Yayasan CARF

6 Mei, 21

Kesaksian hidup

Wuillis akan menjadi kanonis pertama dari keuskupannya di Venezuela. Rolvin ingin menabur di daerah-daerah paling terpencil di Filipina.

Rolvin Capistrano dan Wuillis Azuaje (masing-masing dari Filipina dan Venezuela) adalah dua imam yang sedang belajar Hukum Kanonik di Universitas Navarra. Wuillis akan menjadi kanonis pertama di keuskupannya (Puerto Cabello) dan Rolvin berlatih untuk menabur dengan sukacita di lingkungan yang paling jauh dari Allah di negaranya.

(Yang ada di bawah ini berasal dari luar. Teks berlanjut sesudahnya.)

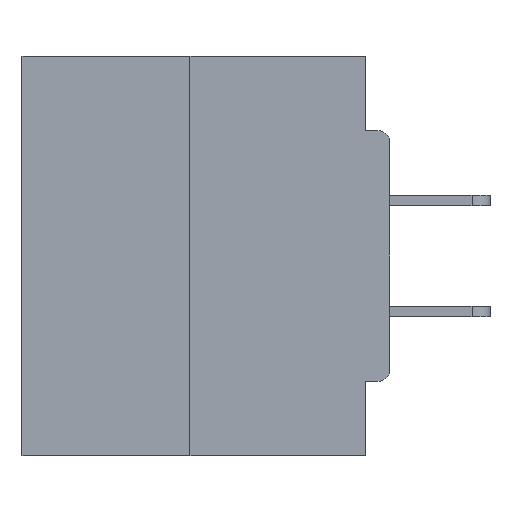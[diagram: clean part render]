
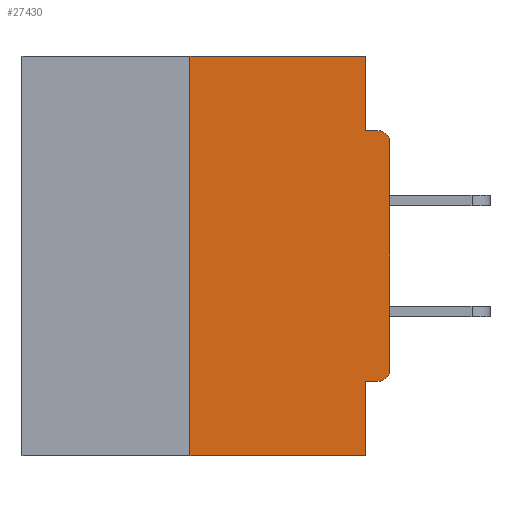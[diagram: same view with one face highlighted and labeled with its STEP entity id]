
A CAD part, left-side view. The second image highlights one B-rep face of the part: STEP entity #27430.
In plain terms, the highlighted planar face has unit normal (-1, 0, 0).
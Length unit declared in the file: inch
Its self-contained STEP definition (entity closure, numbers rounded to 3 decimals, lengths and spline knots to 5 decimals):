
#568 = CARTESIAN_POINT ( 'NONE',  ( 0., 0., -0.4065 ) ) ;
#651 = DIRECTION ( 'NONE',  ( 0., -1., 0. ) ) ;
#1003 = PLANE ( 'NONE',  #7774 ) ;
#1211 = VERTEX_POINT ( 'NONE', #4694 ) ;
#1562 = VERTEX_POINT ( 'NONE', #13886 ) ;
#2189 = CIRCLE ( 'NONE', #25686, 0.015 ) ;
#3286 = VECTOR ( 'NONE', #24534, 39.37008 ) ;
#3760 = VERTEX_POINT ( 'NONE', #14637 ) ;
#3921 = DIRECTION ( 'NONE',  ( 0., 0., -1. ) ) ;
#4142 = EDGE_CURVE ( 'NONE', #23697, #5445, #2189, .T. ) ;
#4460 = CARTESIAN_POINT ( 'NONE',  ( 0., 0.015, -0.1085 ) ) ;
#4552 = LINE ( 'NONE', #12331, #5363 ) ;
#4583 = LINE ( 'NONE', #19253, #12326 ) ;
#4694 = CARTESIAN_POINT ( 'NONE',  ( 0., 0.25, -0.5 ) ) ;
#4850 = DIRECTION ( 'NONE',  ( 0., 0., -1. ) ) ;
#4915 = EDGE_CURVE ( 'NONE', #1211, #28017, #23718, .T. ) ;
#5363 = VECTOR ( 'NONE', #28226, 39.37008 ) ;
#5445 = VERTEX_POINT ( 'NONE', #30517 ) ;
#5545 = EDGE_CURVE ( 'NONE', #1211, #30929, #17136, .T. ) ;
#7144 = LINE ( 'NONE', #28218, #26392 ) ;
#7532 = CIRCLE ( 'NONE', #31305, 0.015 ) ;
#7774 = AXIS2_PLACEMENT_3D ( 'NONE', #29403, #24386, #29758 ) ;
#8301 = VERTEX_POINT ( 'NONE', #27551 ) ;
#8488 = DIRECTION ( 'NONE',  ( 0., 0., -1. ) ) ;
#8930 = CARTESIAN_POINT ( 'NONE',  ( 0., 0.25, 0. ) ) ;
#9136 = CARTESIAN_POINT ( 'NONE',  ( 0., 0.031, -0.5 ) ) ;
#9816 = LINE ( 'NONE', #568, #31940 ) ;
#11010 = DIRECTION ( 'NONE',  ( 0., 1., 0. ) ) ;
#11170 = ORIENTED_EDGE ( 'NONE', *, *, #29361, .T. ) ;
#11292 = EDGE_CURVE ( 'NONE', #30929, #8301, #4552, .T. ) ;
#11531 = ORIENTED_EDGE ( 'NONE', *, *, #11292, .F. ) ;
#11985 = DIRECTION ( 'NONE',  ( -1., 0., 0. ) ) ;
#12326 = VECTOR ( 'NONE', #8488, 39.37008 ) ;
#12327 = VECTOR ( 'NONE', #20142, 39.37008 ) ;
#12331 = CARTESIAN_POINT ( 'NONE',  ( 0., 0.46, 0. ) ) ;
#13746 = CARTESIAN_POINT ( 'NONE',  ( 0., 0.031, -0.0935 ) ) ;
#13886 = CARTESIAN_POINT ( 'NONE',  ( 0., 0.015, -0.4065 ) ) ;
#13926 = CARTESIAN_POINT ( 'NONE',  ( 0., 0., -0.1085 ) ) ;
#13943 = DIRECTION ( 'NONE',  ( -1., 0., 0. ) ) ;
#14561 = ORIENTED_EDGE ( 'NONE', *, *, #5545, .F. ) ;
#14637 = CARTESIAN_POINT ( 'NONE',  ( 0., 0., -0.3915 ) ) ;
#14647 = ORIENTED_EDGE ( 'NONE', *, *, #23054, .F. ) ;
#14877 = CARTESIAN_POINT ( 'NONE',  ( 0., 0., 0. ) ) ;
#15485 = FACE_OUTER_BOUND ( 'NONE', #21297, .T. ) ;
#15745 = DIRECTION ( 'NONE',  ( 0., -1., 0. ) ) ;
#16427 = EDGE_CURVE ( 'NONE', #27950, #5445, #7144, .T. ) ;
#17136 = LINE ( 'NONE', #8930, #3286 ) ;
#18303 = EDGE_CURVE ( 'NONE', #8301, #27950, #4583, .T. ) ;
#19253 = CARTESIAN_POINT ( 'NONE',  ( 0., 0.031, 0. ) ) ;
#19520 = ORIENTED_EDGE ( 'NONE', *, *, #18303, .F. ) ;
#19886 = DIRECTION ( 'NONE',  ( 0., 0., -1. ) ) ;
#19942 = EDGE_CURVE ( 'NONE', #29786, #28017, #23563, .T. ) ;
#20058 = ORIENTED_EDGE ( 'NONE', *, *, #26001, .T. ) ;
#20142 = DIRECTION ( 'NONE',  ( 0., 0., 1. ) ) ;
#21297 = EDGE_LOOP ( 'NONE', ( #11531, #14561, #33757, #28497, #14647, #11170, #20058, #25722, #33706, #19520 ) ) ;
#23054 = EDGE_CURVE ( 'NONE', #1562, #29786, #9816, .T. ) ;
#23563 = LINE ( 'NONE', #30910, #31347 ) ;
#23647 = CARTESIAN_POINT ( 'NONE',  ( 0., 0.031, -0.4065 ) ) ;
#23697 = VERTEX_POINT ( 'NONE', #13926 ) ;
#23718 = LINE ( 'NONE', #28482, #24555 ) ;
#24386 = DIRECTION ( 'NONE',  ( 1., 0., 0. ) ) ;
#24534 = DIRECTION ( 'NONE',  ( 0., 0., 1. ) ) ;
#24555 = VECTOR ( 'NONE', #651, 39.37008 ) ;
#25686 = AXIS2_PLACEMENT_3D ( 'NONE', #4460, #11985, #19886 ) ;
#25722 = ORIENTED_EDGE ( 'NONE', *, *, #4142, .T. ) ;
#26001 = EDGE_CURVE ( 'NONE', #3760, #23697, #29540, .T. ) ;
#26392 = VECTOR ( 'NONE', #15745, 39.37008 ) ;
#27430 = ADVANCED_FACE ( 'NONE', ( #15485 ), #1003, .F. ) ;
#27551 = CARTESIAN_POINT ( 'NONE',  ( 0., 0.031, 0. ) ) ;
#27950 = VERTEX_POINT ( 'NONE', #13746 ) ;
#28017 = VERTEX_POINT ( 'NONE', #9136 ) ;
#28218 = CARTESIAN_POINT ( 'NONE',  ( 0., 0., -0.0935 ) ) ;
#28226 = DIRECTION ( 'NONE',  ( 0., -1., 0. ) ) ;
#28482 = CARTESIAN_POINT ( 'NONE',  ( 0., 0.46, -0.5 ) ) ;
#28497 = ORIENTED_EDGE ( 'NONE', *, *, #19942, .F. ) ;
#29361 = EDGE_CURVE ( 'NONE', #1562, #3760, #7532, .T. ) ;
#29403 = CARTESIAN_POINT ( 'NONE',  ( 0., 0.46, 0. ) ) ;
#29515 = CARTESIAN_POINT ( 'NONE',  ( 0., 0.015, -0.3915 ) ) ;
#29540 = LINE ( 'NONE', #14877, #12327 ) ;
#29758 = DIRECTION ( 'NONE',  ( 0., 0., -1. ) ) ;
#29786 = VERTEX_POINT ( 'NONE', #23647 ) ;
#30517 = CARTESIAN_POINT ( 'NONE',  ( 0., 0.015, -0.0935 ) ) ;
#30910 = CARTESIAN_POINT ( 'NONE',  ( 0., 0.031, -0.5 ) ) ;
#30929 = VERTEX_POINT ( 'NONE', #33640 ) ;
#31305 = AXIS2_PLACEMENT_3D ( 'NONE', #29515, #13943, #3921 ) ;
#31347 = VECTOR ( 'NONE', #4850, 39.37008 ) ;
#31940 = VECTOR ( 'NONE', #11010, 39.37008 ) ;
#33640 = CARTESIAN_POINT ( 'NONE',  ( 0., 0.25, 0. ) ) ;
#33706 = ORIENTED_EDGE ( 'NONE', *, *, #16427, .F. ) ;
#33757 = ORIENTED_EDGE ( 'NONE', *, *, #4915, .T. ) ;

Wuillis Azuaje dan Rolvin Capistrano (masing-masing dari Venezuela dan Filipina) adalah dua imam yang sedang belajar Hukum Kanonik di Universitas Navarra. Wuillis akan menjadi kanonis pertama di keuskupannya (Puerto Cabello) dan Rolvin berlatih untuk menabur dengan sukacita di lingkungan yang paling jauh dari Tuhan di negaranya. Berkat beasiswa dari CARF, mereka berdua kuliah di Fakultas Gerejawi UNAV, di mana selain menerima pendidikan akademis yang integral, mereka juga mengalami universalitas Gereja dengan imam-imam lainnya.

"Sepuluh tahun sebagai imam merupakan masa-masa terindah dalam hidup saya".

Wuillis Azuaje berusia 39 tahun dan sedang belajar untuk meraih gelar dalam bidang Hukum Kanonik. Dia berasal dari Venezuela, di mana, Insya Allah, dia akan kembali pada bulan Juni ketika dia menyelesaikan gelar terakhirnya. tentu saja.

Pertama kali menyeberangi Atlantik

Ketika Wuillis Azuaje (Trujillo-Venezuela1981) tiba di Pamplona pada tanggal 13 September 2018. Ini adalah pertama kalinya saya menyeberangi Atlantik. Dua orang teman dari San Miguel Residence di ibu kota Navarre menunggunya pada Kamis malam itu di stasiun bus di ibu kota Navarrese.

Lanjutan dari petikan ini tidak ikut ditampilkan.